What needs to be done → Tally how many lines of these entries hold the string "diagram". Return the number alone.

Extracted records:
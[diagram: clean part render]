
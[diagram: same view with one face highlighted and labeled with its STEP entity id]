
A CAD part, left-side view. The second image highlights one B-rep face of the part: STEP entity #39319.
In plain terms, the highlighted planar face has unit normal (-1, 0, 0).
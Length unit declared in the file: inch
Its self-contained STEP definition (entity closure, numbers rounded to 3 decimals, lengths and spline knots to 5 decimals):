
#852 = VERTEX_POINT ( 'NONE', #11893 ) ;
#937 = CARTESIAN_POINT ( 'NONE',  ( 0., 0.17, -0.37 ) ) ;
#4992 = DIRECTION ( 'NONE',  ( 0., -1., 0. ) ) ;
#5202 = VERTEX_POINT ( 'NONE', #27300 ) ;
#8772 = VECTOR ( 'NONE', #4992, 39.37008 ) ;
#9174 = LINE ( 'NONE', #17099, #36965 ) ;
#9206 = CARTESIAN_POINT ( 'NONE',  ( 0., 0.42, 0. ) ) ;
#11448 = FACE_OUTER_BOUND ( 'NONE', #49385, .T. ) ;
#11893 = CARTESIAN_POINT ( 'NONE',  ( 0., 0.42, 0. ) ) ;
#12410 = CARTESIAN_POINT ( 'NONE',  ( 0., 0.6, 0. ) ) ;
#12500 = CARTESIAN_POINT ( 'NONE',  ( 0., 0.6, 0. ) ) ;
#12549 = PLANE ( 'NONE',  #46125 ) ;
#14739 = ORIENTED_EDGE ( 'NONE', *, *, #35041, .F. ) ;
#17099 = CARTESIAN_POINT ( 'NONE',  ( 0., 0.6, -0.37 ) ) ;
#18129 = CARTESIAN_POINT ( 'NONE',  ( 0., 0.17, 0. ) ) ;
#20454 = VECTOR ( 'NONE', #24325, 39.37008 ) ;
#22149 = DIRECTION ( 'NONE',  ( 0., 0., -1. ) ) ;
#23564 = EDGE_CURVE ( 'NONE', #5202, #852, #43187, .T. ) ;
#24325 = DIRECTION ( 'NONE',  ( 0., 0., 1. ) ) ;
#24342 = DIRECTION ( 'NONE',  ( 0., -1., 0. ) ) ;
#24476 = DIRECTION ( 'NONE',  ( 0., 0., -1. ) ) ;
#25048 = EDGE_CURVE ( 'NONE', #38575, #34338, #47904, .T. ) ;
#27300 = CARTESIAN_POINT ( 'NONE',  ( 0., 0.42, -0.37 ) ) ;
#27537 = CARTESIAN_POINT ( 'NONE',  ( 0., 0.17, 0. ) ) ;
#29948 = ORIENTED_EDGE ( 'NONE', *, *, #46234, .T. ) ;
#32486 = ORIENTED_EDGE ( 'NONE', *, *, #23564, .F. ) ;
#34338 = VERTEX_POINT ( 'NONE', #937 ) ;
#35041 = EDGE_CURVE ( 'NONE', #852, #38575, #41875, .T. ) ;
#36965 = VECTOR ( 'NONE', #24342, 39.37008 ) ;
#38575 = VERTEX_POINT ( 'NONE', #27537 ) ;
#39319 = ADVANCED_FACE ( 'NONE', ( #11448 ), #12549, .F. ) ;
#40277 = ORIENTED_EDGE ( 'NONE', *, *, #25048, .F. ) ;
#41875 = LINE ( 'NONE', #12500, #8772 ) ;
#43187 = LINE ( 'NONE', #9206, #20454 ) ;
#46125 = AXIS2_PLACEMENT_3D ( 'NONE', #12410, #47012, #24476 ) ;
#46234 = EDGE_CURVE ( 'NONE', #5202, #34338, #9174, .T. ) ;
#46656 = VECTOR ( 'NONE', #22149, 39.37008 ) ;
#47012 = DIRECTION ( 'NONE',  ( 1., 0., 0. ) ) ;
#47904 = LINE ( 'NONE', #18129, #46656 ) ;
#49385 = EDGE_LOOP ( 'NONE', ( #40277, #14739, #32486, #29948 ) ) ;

Problem solution → 2